- McElderry Station depot in 1918
- McElderry Station, Alabama McElderry Station, Alabama
- Coordinates: 33°29′11″N 85°57′49″W﻿ / ﻿33.48639°N 85.96361°W
- Country: United States
- State: Alabama
- County: Talladega
- Elevation: 577 ft (176 m)
- Time zone: UTC-6 (Central (CST))
- • Summer (DST): UTC-5 (CDT)
- Area codes: 256 & 938
- GNIS feature ID: 160072

= McElderry Station, Alabama =

McElderry Station otherwise known as McElderry, is an unincorporated community and historic train station located in Talladega County, Alabama. The community is named after Thomas McElderry, an officer in Andrew Jackson's army during the creek war. It was associated with the Louisville and Nashville Railroad and the Alabama Mineral Division. The community also played a local role in passenger and freight service in the late 19th and early 20th centuries.

== History ==
Native Muscogee Indians lived in the area, having many villages and settlements.

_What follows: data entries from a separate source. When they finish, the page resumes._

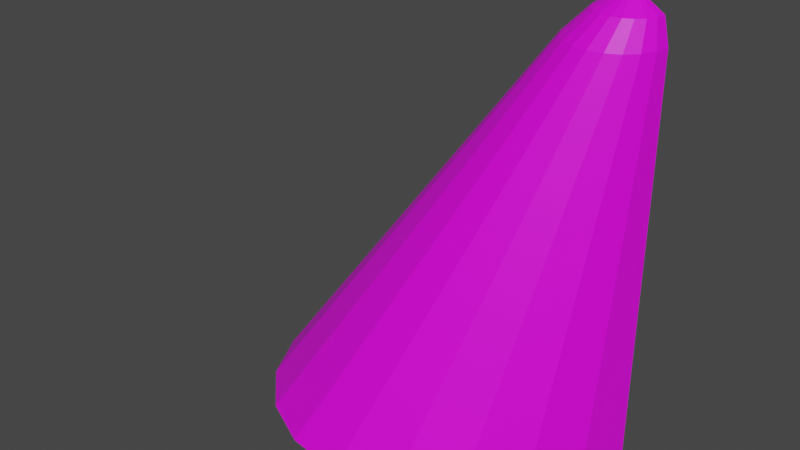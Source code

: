 # Source: model.blend  (saved by Blender 3.3.6; exported with 4.5.12 LTS)
import bpy
from mathutils import Matrix  # noqa: F401  (used for matrix-valued properties, if any)

bpy.ops.wm.read_factory_settings(use_empty=True)
scene = bpy.context.scene
scene.name = 'Scene'

# ---- images (referenced by path relative to the original .blend; pixels are not part of the script)
import os
ASSET_DIR = os.environ.get("B2B_ASSET_DIR", "")  # directory of the original .blend (textures are referenced by path, not embedded)
HERE = os.path.dirname(os.path.abspath(__file__))  # packed textures are extracted next to this script under _unpacked/

def load_image(name, relpath, width, height, colorspace="sRGB"):
    """Load a texture the original file referenced (path relative to the .blend, or extracted next to this script)."""
    p = next((c for c in (os.path.join(HERE, relpath), os.path.join(ASSET_DIR, relpath)) if relpath and os.path.exists(c)), "")
    if p:
        img = bpy.data.images.load(p, check_existing=True)
        img.name = name
    else:  # same state as the original file: an image datablock whose file is absent (Cycles renders it pink)
        img = bpy.data.images.new(name, width, height)
        img.source = "FILE"
        img.filepath = "//" + (relpath or name)
    img.colorspace_settings.name = colorspace
    return img
img_texture_png = load_image('texture.png', 'texture.png', 1024, 1024, 'sRGB')

# ---- materials (node trees are filled in below, after node groups)
mat_material_001 = bpy.data.materials.new('Material.001')
mat_material_001.use_transparent_shadow = False

# ---- material node trees
mat_material_001.use_nodes = True; mat_material_001.node_tree.nodes.clear()
_N = mat_material_001.node_tree.nodes; _L = mat_material_001.node_tree.links
n0 = _N.new('ShaderNodeBsdfPrincipled'); n0.name = 'Principled BSDF'; n0.location = (10, 300)
n0.distribution = 'GGX'
n0.subsurface_method = 'RANDOM_WALK_SKIN'
n0.inputs[3].default_value = 1.45
n0.inputs[27].default_value = (0.0, 0.0, 0.0, 1.0)
n0.inputs[28].default_value = 1.0
n1 = _N.new('ShaderNodeOutputMaterial'); n1.name = 'Material Output'; n1.location = (300, 300)
n2 = _N.new('ShaderNodeTexImage'); n2.name = 'Image Texture'; n2.location = (-280, 270)
n2.image = img_texture_png
_L.new(n0.outputs[0], n1.inputs[0])
_L.new(n2.outputs[0], n0.inputs[0])
n1.is_active_output = True

# ---- world
world_world = bpy.data.worlds.new('World'); scene.world = world_world
world_world.use_nodes = True; world_world.node_tree.nodes.clear()
_N = world_world.node_tree.nodes; _L = world_world.node_tree.links
n0 = _N.new('ShaderNodeOutputWorld'); n0.name = 'World Output'; n0.location = (300, 300)
n1 = _N.new('ShaderNodeBackground'); n1.name = 'Background'; n1.location = (10, 300)
n1.inputs[0].default_value = (0.05088, 0.05088, 0.05088, 1.0)
_L.new(n1.outputs[0], n0.inputs[0])
n0.is_active_output = True
world_world.color = (0.05088, 0.05088, 0.05088)
world_world.use_sun_shadow = False
world_world.sun_shadow_jitter_overblur = 0.0

# ---- meshes
me_cylinder_002 = bpy.data.meshes.new('Cylinder.002')
me_cylinder_002.from_pydata([(0.5, 0.0, 0.0), (0.5, -1.967e-09, 1.034), (0.4755, -0.1545, 0.0), (0.4941, -0.03708, 1.034), (0.4045, -0.2939, 0.0), (0.4771, -0.07053, 1.034), (0.2939, -0.4045, 0.0), (0.4505, -0.09708, 1.034), (0.1545, -0.4755, 0.0), (0.4171, -0.1141, 1.034), (0.0, -0.5, 0.0), (0.38, -0.12, 1.034), (-0.1545, -0.4755, 0.0), (0.3429, -0.1141, 1.034), (-0.2939, -0.4045, 0.0), (0.3095, -0.09708, 1.034), (-0.4045, -0.2939, 0.0), (0.2829, -0.07053, 1.034), (-0.4755, -0.1545, 0.0), (0.2659, -0.03708, 1.034), (-0.5, 0.0, 0.0), (0.26, -1.967e-09, 1.034), (0.4852, -1.447e-09, 1.1), (0.4813, -0.02478, 1.1), (0.4699, -0.04714, 1.1), (0.4521, -0.06488, 1.1), (0.4298, -0.07627, 1.1), (0.405, -0.0802, 1.1), (0.3802, -0.07627, 1.1), (0.3579, -0.06488, 1.1), (0.3401, -0.04714, 1.1), (0.3287, -0.02478, 1.1), (0.3248, -1.447e-09, 1.1), (0.4385, -7.807e-10, 1.13), (0.437, -0.009417, 1.13), (0.4327, -0.01791, 1.13), (0.4259, -0.02465, 1.13), (0.4174, -0.02898, 1.13), (0.408, -0.03047, 1.13), (0.3986, -0.02898, 1.13), (0.3901, -0.02465, 1.13), (0.3833, -0.01791, 1.13), (0.379, -0.009417, 1.13), (0.3775, -7.807e-10, 1.13)], [], [(0, 1, 3, 2), (2, 3, 5, 4), (4, 5, 7, 6), (6, 7, 9, 8), (8, 9, 11, 10), (10, 11, 13, 12), (12, 13, 15, 14), (14, 15, 17, 16), (16, 17, 19, 18), (18, 19, 21, 20), (9, 7, 25, 26), (19, 17, 30, 31), (5, 3, 23, 24), (15, 13, 28, 29), (11, 9, 26, 27), (21, 19, 31, 32), (7, 5, 24, 25), (17, 15, 29, 30), (3, 1, 22, 23), (13, 11, 27, 28), (28, 27, 38, 39), (29, 28, 39, 40), (30, 29, 40, 41), (23, 22, 33, 34), (31, 30, 41, 42), (24, 23, 34, 35), (32, 31, 42, 43), (25, 24, 35, 36), (26, 25, 36, 37), (27, 26, 37, 38)])
_uv = me_cylinder_002.uv_layers.new(name='UVMap')
_uv.uv.foreach_set('vector', [0.9944, 1.87e-05, 0.9986, 0.8981, 0.9928, 0.8981, 0.9702, 1.87e-05, 0.9702, 1.87e-05, 0.9928, 0.8981, 0.9759, 0.8981, 0.8999, 1.87e-05, 0.8999, 1.87e-05, 0.9759, 0.8981, 0.9497, 0.8981, 0.7906, 1.87e-05, 0.7906, 1.87e-05, 0.9497, 0.8981, 0.9166, 0.8981, 0.6528, 1.87e-05, 0.6528, 1.87e-05, 0.9166, 0.8981, 0.88, 0.8981, 0.5, 1.87e-05, 0.5, 1.87e-05, 0.88, 0.8981, 0.8434, 0.8981, 0.3472, 1.87e-05, 0.3472, 1.87e-05, 0.8434, 0.8981, 0.8103, 0.8981, 0.2094, 1.87e-05, 0.2094, 1.87e-05, 0.8103, 0.8981, 0.7841, 0.8981, 0.1001, 1.87e-05, 0.1001, 1.87e-05, 0.7841, 0.8981, 0.7672, 0.8981, 0.02984, 1.87e-05, 0.02984, 1.87e-05, 0.7672, 0.8981, 0.7614, 0.8981, 0.00564, 1.87e-05, 0.9166, 0.8981, 0.9497, 0.8981, 0.9516, 0.9554, 0.9299, 0.9554, 0.7672, 0.8981, 0.7841, 0.8981, 0.8428, 0.9554, 0.8317, 0.9554, 0.9759, 0.8981, 0.9928, 0.8981, 0.9799, 0.9554, 0.9688, 0.9554, 0.8103, 0.8981, 0.8434, 0.8981, 0.8817, 0.9554, 0.86, 0.9554, 0.88, 0.8981, 0.9166, 0.8981, 0.9299, 0.9554, 0.9058, 0.9554, 0.7614, 0.8981, 0.7672, 0.8981, 0.8317, 0.9554, 0.8279, 0.9554, 0.9497, 0.8981, 0.9759, 0.8981, 0.9688, 0.9554, 0.9516, 0.9554, 0.7841, 0.8981, 0.8103, 0.8981, 0.86, 0.9554, 0.8428, 0.9554, 0.9928, 0.8981, 0.9986, 0.8981, 0.9837, 0.9554, 0.9799, 0.9554, 0.8434, 0.8981, 0.88, 0.8981, 0.9058, 0.9554, 0.8817, 0.9554, 0.8817, 0.9554, 0.9058, 0.9554, 0.9087, 0.9815, 0.8998, 0.9815, 0.86, 0.9554, 0.8817, 0.9554, 0.8998, 0.9815, 0.8919, 0.9815, 0.8428, 0.9554, 0.86, 0.9554, 0.8919, 0.9815, 0.8856, 0.9815, 0.9799, 0.9554, 0.9837, 0.9554, 0.9372, 0.9815, 0.9358, 0.9815, 0.8317, 0.9554, 0.8428, 0.9554, 0.8856, 0.9815, 0.8815, 0.9815, 0.9688, 0.9554, 0.9799, 0.9554, 0.9358, 0.9815, 0.9318, 0.9815, 0.8279, 0.9554, 0.8317, 0.9554, 0.8815, 0.9815, 0.8801, 0.9815, 0.9516, 0.9554, 0.9688, 0.9554, 0.9318, 0.9815, 0.9254, 0.9815, 0.9299, 0.9554, 0.9516, 0.9554, 0.9254, 0.9815, 0.9175, 0.9815, 0.9058, 0.9554, 0.9299, 0.9554, 0.9175, 0.9815, 0.9087, 0.9815])
me_cylinder_002.materials.append(mat_material_001)
me_cylinder_002.update()

# ---- objects
ob_empty = bpy.data.objects.new('Empty', img_texture_png)
ob_cylinder = bpy.data.objects.new('Cylinder', me_cylinder_002)

# ---- transforms, parenting, visibility, modifiers, constraints
ob_empty.location = (0.0, 0.0, 0.0)
ob_empty.rotation_euler = (1.571, -0.0, -0.0)
ob_empty.empty_display_type = 'IMAGE'
ob_empty.empty_display_size = 1.15
ob_empty.empty_image_offset = (-0.5, 0.0)
ob_empty.show_empty_image_perspective = False
ob_cylinder.location = (0.0, 0.0, 0.0)

# ---- collection membership
scene.collection.objects.link(ob_empty)
scene.collection.objects.link(ob_cylinder)

# ---- scene / render settings (as saved in the file)
scene.frame_start = 1; scene.frame_end = 250; scene.frame_set(82)
scene.render.engine = 'BLENDER_EEVEE_NEXT'
scene.cycles.sampling_pattern = 'TABULATED_SOBOL'
scene.cycles.use_light_tree = False
scene.view_settings.view_transform = 'Filmic'
bpy.context.view_layer.update()

# ---- added for rendering (the .blend has no active camera and no usable light): camera, sun
cam_auto = bpy.data.cameras.new('AutoCamera')
cam_auto.lens = 50.0
cam_auto.sensor_width = 36.0
cam_auto.clip_end = 1000.0
ob_auto_camera = bpy.data.objects.new('AutoCamera', cam_auto)
scene.collection.objects.link(ob_auto_camera)
ob_auto_camera.location = (1.47076, -2.01491, 1.74161)
ob_auto_camera.rotation_euler = (1.09748, -7.21219e-08, 0.694738)
scene.camera = ob_auto_camera
light_auto_sun = bpy.data.lights.new('AutoSun', 'SUN')
light_auto_sun.energy = 3.0
light_auto_sun.angle = 0.0523599
ob_auto_sun = bpy.data.objects.new('AutoSun', light_auto_sun)
scene.collection.objects.link(ob_auto_sun)
ob_auto_sun.rotation_euler = (0.872665, 0.174533, 0.523599)
bpy.context.view_layer.update()

In the 1810s and 1820s Thomas McElderry received land from Selocta Chinnabee for his service at the Battle of Talladega. This land became his plantation which quickly became the center for a small agricultural community in the area. The train station was built in the later nineteenth century and named after him. The station was part of the Louisville & Nashville Railroad (L&N) system, specifically on the Alabama Mineral Division. This division incorporated a series of multiple former local rail routes in the Alabama region that connected urban centers, with rural communities. At McElderry Station, trains would have served both passenger and freight traffic, moving local agricultural goods toward larger rail centers such as Talladega and Anniston. In the greater region, the Anniston and Atlantic Railroad, later absorbed into L&N, was one of the most important railroads running through Talladega connecting Anniston, and Sylacauga before becoming part of the standard‑gauge Alabama Mineral Railroad.

A post office operated under the name McElderry from 1884 to 1918.